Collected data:
* * * *

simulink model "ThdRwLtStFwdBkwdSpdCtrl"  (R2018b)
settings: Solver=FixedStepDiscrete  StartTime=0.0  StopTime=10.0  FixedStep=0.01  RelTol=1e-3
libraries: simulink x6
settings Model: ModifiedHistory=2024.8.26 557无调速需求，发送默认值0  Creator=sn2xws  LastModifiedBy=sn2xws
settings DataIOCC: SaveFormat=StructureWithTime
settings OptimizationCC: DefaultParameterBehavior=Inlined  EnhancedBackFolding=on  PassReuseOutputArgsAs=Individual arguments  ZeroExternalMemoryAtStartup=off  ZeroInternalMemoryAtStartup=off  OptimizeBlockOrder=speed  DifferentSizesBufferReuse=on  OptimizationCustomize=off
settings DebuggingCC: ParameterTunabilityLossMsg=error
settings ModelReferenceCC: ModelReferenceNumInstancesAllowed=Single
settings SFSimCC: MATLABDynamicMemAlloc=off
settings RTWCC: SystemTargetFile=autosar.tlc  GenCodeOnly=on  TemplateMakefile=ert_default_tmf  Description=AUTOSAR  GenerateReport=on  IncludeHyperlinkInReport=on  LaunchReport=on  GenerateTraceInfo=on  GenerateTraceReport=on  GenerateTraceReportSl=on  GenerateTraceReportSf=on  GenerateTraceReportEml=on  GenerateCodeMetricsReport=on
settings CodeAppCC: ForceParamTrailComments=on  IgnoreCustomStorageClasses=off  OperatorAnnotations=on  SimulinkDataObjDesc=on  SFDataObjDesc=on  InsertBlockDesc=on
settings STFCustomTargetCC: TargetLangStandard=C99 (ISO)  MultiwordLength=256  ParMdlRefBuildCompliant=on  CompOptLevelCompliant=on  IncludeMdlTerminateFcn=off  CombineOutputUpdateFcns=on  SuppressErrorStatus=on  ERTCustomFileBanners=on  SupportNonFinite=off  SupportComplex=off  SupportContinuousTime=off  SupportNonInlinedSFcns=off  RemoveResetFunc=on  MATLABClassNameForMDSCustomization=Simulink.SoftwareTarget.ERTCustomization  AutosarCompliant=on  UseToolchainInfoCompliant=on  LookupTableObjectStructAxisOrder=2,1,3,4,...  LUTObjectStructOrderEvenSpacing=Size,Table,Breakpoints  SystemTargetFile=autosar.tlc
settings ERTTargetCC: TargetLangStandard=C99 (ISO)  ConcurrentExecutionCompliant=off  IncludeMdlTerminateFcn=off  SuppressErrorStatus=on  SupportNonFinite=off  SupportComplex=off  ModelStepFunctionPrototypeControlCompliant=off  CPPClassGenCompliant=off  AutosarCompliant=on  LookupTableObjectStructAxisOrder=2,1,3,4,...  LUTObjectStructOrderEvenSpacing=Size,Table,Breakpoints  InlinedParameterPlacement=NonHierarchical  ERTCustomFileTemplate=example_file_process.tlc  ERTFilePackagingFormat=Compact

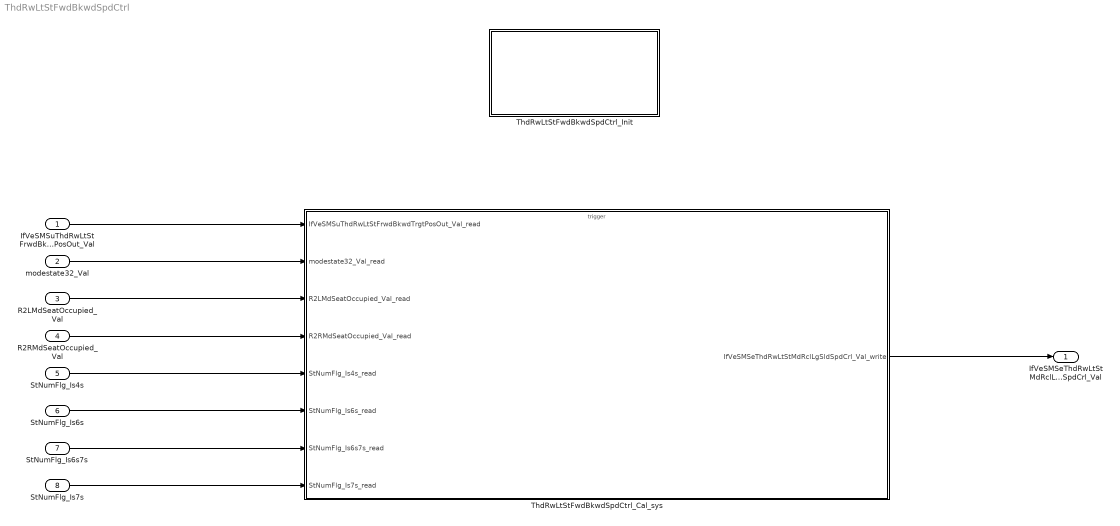
== system ThdRwLtStFwdBkwdSpdCtrl ==
  IfVeSMSuThdRwLtStFrwdBkwdTrgtPosOut_Val : Inport  OutDataTypeStr=boolean  PortDimensions=1
  modestate32_Val : Inport  Port=2  OutDataTypeStr=uint32  PortDimensions=1
  R2LMdSeatOccupied_Val : Inport  Port=3  OutDataTypeStr=boolean  PortDimensions=1
  R2RMdSeatOccupied_Val : Inport  Port=4  OutDataTypeStr=boolean  PortDimensions=1
  StNumFlg_Is4s : Inport  Port=5  OutDataTypeStr=boolean  PortDimensions=1
  StNumFlg_Is6s : Inport  Port=6  OutDataTypeStr=boolean  PortDimensions=1
  StNumFlg_Is6s7s : Inport  Port=7  OutDataTypeStr=boolean  PortDimensions=1
  StNumFlg_Is7s : Inport  Port=8  OutDataTypeStr=boolean  PortDimensions=1
  ThdRwLtStFwdBkwdSpdCtrl_Cal_sys : Subsystem
  ThdRwLtStFwdBkwdSpdCtrl_Init : Subsystem
  IfVeSMSeThdRwLtStMdRclLgSldSpdCrl_Val : Outport  OutDataTypeStr=uint8  PortDimensions=1
  wires:
  IfVeSMSuThdRwLtStFrwdBkwdTrgtPosOut_Val/1 -> ThdRwLtStFwdBkwdSpdCtrl_Cal_sys/1(IfVeSMSuThdRwLtStFrwdBkwdTrgtPosOut_Val_read)
  modestate32_Val/1 -> ThdRwLtStFwdBkwdSpdCtrl_Cal_sys/2(modestate32_Val_read)
  R2LMdSeatOccupied_Val/1 -> ThdRwLtStFwdBkwdSpdCtrl_Cal_sys/3(R2LMdSeatOccupied_Val_read)
  R2RMdSeatOccupied_Val/1 -> ThdRwLtStFwdBkwdSpdCtrl_Cal_sys/4(R2RMdSeatOccupied_Val_read)
  StNumFlg_Is4s/1 -> ThdRwLtStFwdBkwdSpdCtrl_Cal_sys/5(StNumFlg_Is4s_read)
  StNumFlg_Is6s/1 -> ThdRwLtStFwdBkwdSpdCtrl_Cal_sys/6(StNumFlg_Is6s_read)
  StNumFlg_Is6s7s/1 -> ThdRwLtStFwdBkwdSpdCtrl_Cal_sys/7(StNumFlg_Is6s7s_read)
  StNumFlg_Is7s/1 -> ThdRwLtStFwdBkwdSpdCtrl_Cal_sys/8(StNumFlg_Is7s_read)
  ThdRwLtStFwdBkwdSpdCtrl_Cal_sys/1(IfVeSMSeThdRwLtStMdRclLgSldSpdCrl_Val_write) -> IfVeSMSeThdRwLtStMdRclLgSldSpdCrl_Val/1

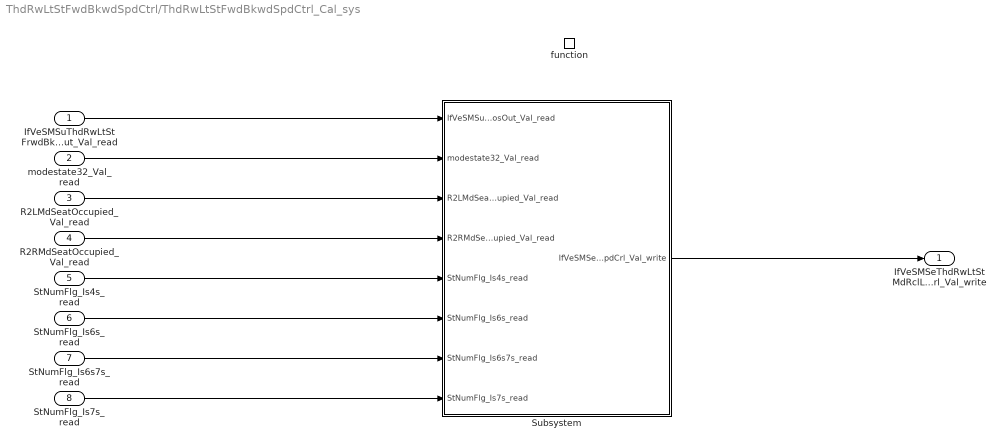
== system ThdRwLtStFwdBkwdSpdCtrl/ThdRwLtStFwdBkwdSpdCtrl_Cal_sys ==
  IfVeSMSuThdRwLtStFrwdBkwdTrgtPosOut_Val_read : Inport
  modestate32_Val_read : Inport  Port=2
  R2LMdSeatOccupied_Val_read : Inport  Port=3
  R2RMdSeatOccupied_Val_read : Inport  Port=4
  StNumFlg_Is4s_read : Inport  Port=5
  StNumFlg_Is6s_read : Inport  Port=6
  StNumFlg_Is6s7s_read : Inport  Port=7
  StNumFlg_Is7s_read : Inport  Port=8
  function : TriggerPort  TriggerType=function-call  IsSimulinkFunction=on  FunctionName=ThdRwLtStFwdBkwdSpdCtrl_Cal  VariantControl=(inherit)
  Subsystem : Subsystem
  IfVeSMSeThdRwLtStMdRclLgSldSpdCrl_Val_write : Outport
      settings: EnsureOutportIsVirtual=on
  wires:
  Subsystem/1(IfVeSMSeThdRwLtStMdRclLgSldSpdCrl_Val_write) -> IfVeSMSeThdRwLtStMdRclLgSldSpdCrl_Val_write/1
  R2RMdSeatOccupied_Val_read/1 -> Subsystem/4(R2RMdSeatOccupied_Val_read)
  StNumFlg_Is4s_read/1 -> Subsystem/5(StNumFlg_Is4s_read)
  IfVeSMSuThdRwLtStFrwdBkwdTrgtPosOut_Val_read/1 -> Subsystem/1(IfVeSMSuThdRwLtStFrwdBkwdTrgtPosOut_Val_read)
  modestate32_Val_read/1 -> Subsystem/2(modestate32_Val_read)
  R2LMdSeatOccupied_Val_read/1 -> Subsystem/3(R2LMdSeatOccupied_Val_read)
  StNumFlg_Is6s_read/1 -> Subsystem/6(StNumFlg_Is6s_read)
  StNumFlg_Is6s7s_read/1 -> Subsystem/7(StNumFlg_Is6s7s_read)
  StNumFlg_Is7s_read/1 -> Subsystem/8(StNumFlg_Is7s_read)

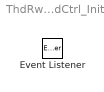
== system ThdRwLtStFwdBkwdSpdCtrl/ThdRwLtStFwdBkwdSpdCtrl_Init ==
  Event Listener : EventListener  EventName=reset

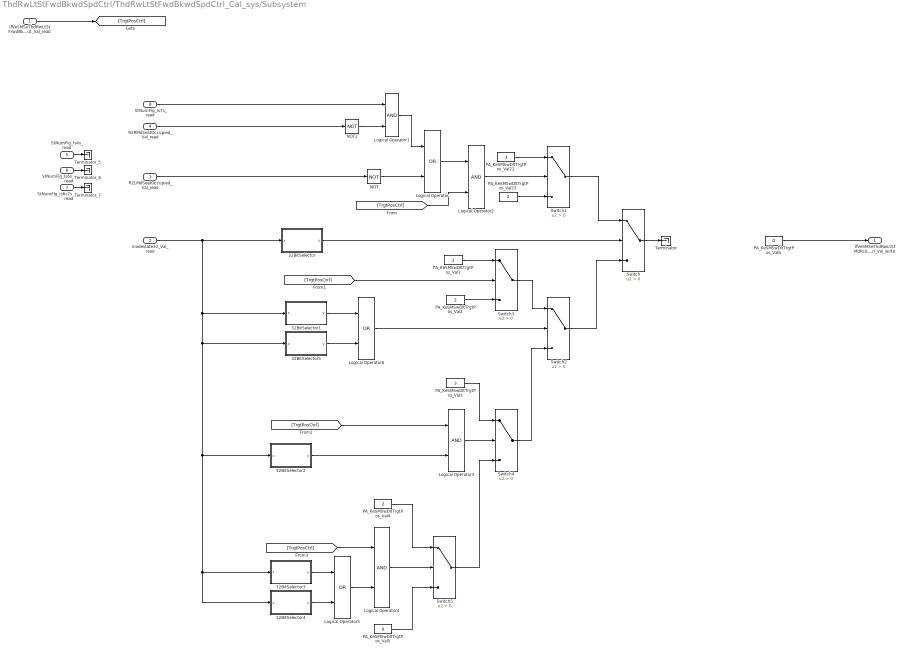
== system ThdRwLtStFwdBkwdSpdCtrl/ThdRwLtStFwdBkwdSpdCtrl_Cal_sys/Subsystem ==
  IfVeSMSuThdRwLtStFrwdBkwdTrgtPosOut_Val_read : Inport
  modestate32_Val_read : Inport  Port=2
  R2LMdSeatOccupied_Val_read : Inport  Port=3
  R2RMdSeatOccupied_Val_read : Inport  Port=4
  StNumFlg_Is4s_read : Inport  Port=5
  StNumFlg_Is6s_read : Inport  Port=6
  StNumFlg_Is6s7s_read : Inport  Port=7
  StNumFlg_Is7s_read : Inport  Port=8
  32BitSelector : Subsystem  mask(32 Bit Selector){BitNum=0}
      mask prompts: BitNum "Select Bit Number"
      mask help: Allows selection of a particular bit (0-31) out of a packed word up to 32 bits long. Output will be true if the bit number selected via the mask parameter is equal to one.
      mask TypeOptions BitNum: 0 | 1 | 2 | 3 | 4 | 5 | 6 | 7 | 8 | 9 | 10 | 11 | 12 | 13 | 14 | 15 | 16 | 17 | 18 | 19 | 20 | 21 | 22 | 23 | 24 | 25 | 26 | 27 | 28 | 29 | 30 | 31
      mask Display:
      | text(0.5, 0.8,'BIT','horizontalAlignment','center')
      | text(0.5, 0.5,'SELECTOR','horizontalAlignment','center')
      | text(0.5, 0.2,['-- Bit ',char(get_param(gcb,'BitNum')),' --'],'horizontalAlignment','center')
  32BitSelector1 : Subsystem  mask(32 Bit Selector){BitNum=9}
      mask prompts: BitNum "Select Bit Number"
      mask help: Allows selection of a particular bit (0-31) out of a packed word up to 32 bits long. Output will be true if the bit number selected via the mask parameter is equal to one.
      mask TypeOptions BitNum: 0 | 1 | 2 | 3 | 4 | 5 | 6 | 7 | 8 | 9 | 10 | 11 | 12 | 13 | 14 | 15 | 16 | 17 | 18 | 19 | 20 | 21 | 22 | 23 | 24 | 25 | 26 | 27 | 28 | 29 | 30 | 31
      mask Display:
      | text(0.5, 0.8,'BIT','horizontalAlignment','center')
      | text(0.5, 0.5,'SELECTOR','horizontalAlignment','center')
      | text(0.5, 0.2,['-- Bit ',char(get_param(gcb,'BitNum')),' --'],'horizontalAlignment','center')
  32BitSelector2 : Subsystem  mask(32 Bit Selector){BitNum=7}
      mask prompts: BitNum "Select Bit Number"
      mask help: Allows selection of a particular bit (0-31) out of a packed word up to 32 bits long. Output will be true if the bit number selected via the mask parameter is equal to one.
      mask TypeOptions BitNum: 0 | 1 | 2 | 3 | 4 | 5 | 6 | 7 | 8 | 9 | 10 | 11 | 12 | 13 | 14 | 15 | 16 | 17 | 18 | 19 | 20 | 21 | 22 | 23 | 24 | 25 | 26 | 27 | 28 | 29 | 30 | 31
      mask Display:
      | text(0.5, 0.8,'BIT','horizontalAlignment','center')
      | text(0.5, 0.5,'SELECTOR','horizontalAlignment','center')
      | text(0.5, 0.2,['-- Bit ',char(get_param(gcb,'BitNum')),' --'],'horizontalAlignment','center')
  32BitSelector3 : Subsystem  mask(32 Bit Selector){BitNum=6}
      mask prompts: BitNum "Select Bit Number"
      mask help: Allows selection of a particular bit (0-31) out of a packed word up to 32 bits long. Output will be true if the bit number selected via the mask parameter is equal to one.
      mask TypeOptions BitNum: 0 | 1 | 2 | 3 | 4 | 5 | 6 | 7 | 8 | 9 | 10 | 11 | 12 | 13 | 14 | 15 | 16 | 17 | 18 | 19 | 20 | 21 | 22 | 23 | 24 | 25 | 26 | 27 | 28 | 29 | 30 | 31
      mask Display:
      | text(0.5, 0.8,'BIT','horizontalAlignment','center')
      | text(0.5, 0.5,'SELECTOR','horizontalAlignment','center')
      | text(0.5, 0.2,['-- Bit ',char(get_param(gcb,'BitNum')),' --'],'horizontalAlignment','center')
  32BitSelector4 : Subsystem  mask(32 Bit Selector){BitNum=5}
      mask prompts: BitNum "Select Bit Number"
      mask help: Allows selection of a particular bit (0-31) out of a packed word up to 32 bits long. Output will be true if the bit number selected via the mask parameter is equal to one.
      mask TypeOptions BitNum: 0 | 1 | 2 | 3 | 4 | 5 | 6 | 7 | 8 | 9 | 10 | 11 | 12 | 13 | 14 | 15 | 16 | 17 | 18 | 19 | 20 | 21 | 22 | 23 | 24 | 25 | 26 | 27 | 28 | 29 | 30 | 31
      mask Display:
      | text(0.5, 0.8,'BIT','horizontalAlignment','center')
      | text(0.5, 0.5,'SELECTOR','horizontalAlignment','center')
      | text(0.5, 0.2,['-- Bit ',char(get_param(gcb,'BitNum')),' --'],'horizontalAlignment','center')
  32BitSelector5 : Subsystem  mask(32 Bit Selector){BitNum=11}
      mask prompts: BitNum "Select Bit Number"
      mask help: Allows selection of a particular bit (0-31) out of a packed word up to 32 bits long. Output will be true if the bit number selected via the mask parameter is equal to one.
      mask TypeOptions BitNum: 0 | 1 | 2 | 3 | 4 | 5 | 6 | 7 | 8 | 9 | 10 | 11 | 12 | 13 | 14 | 15 | 16 | 17 | 18 | 19 | 20 | 21 | 22 | 23 | 24 | 25 | 26 | 27 | 28 | 29 | 30 | 31
      mask Display:
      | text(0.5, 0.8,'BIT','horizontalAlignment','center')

* * * *

* [WHAT THE EXERCISE ASKS] Where a line of the records above holds the word "OutDataTypeStr", count it; give the total as a single number and nothing else.

* [TASK SOLUTION] 9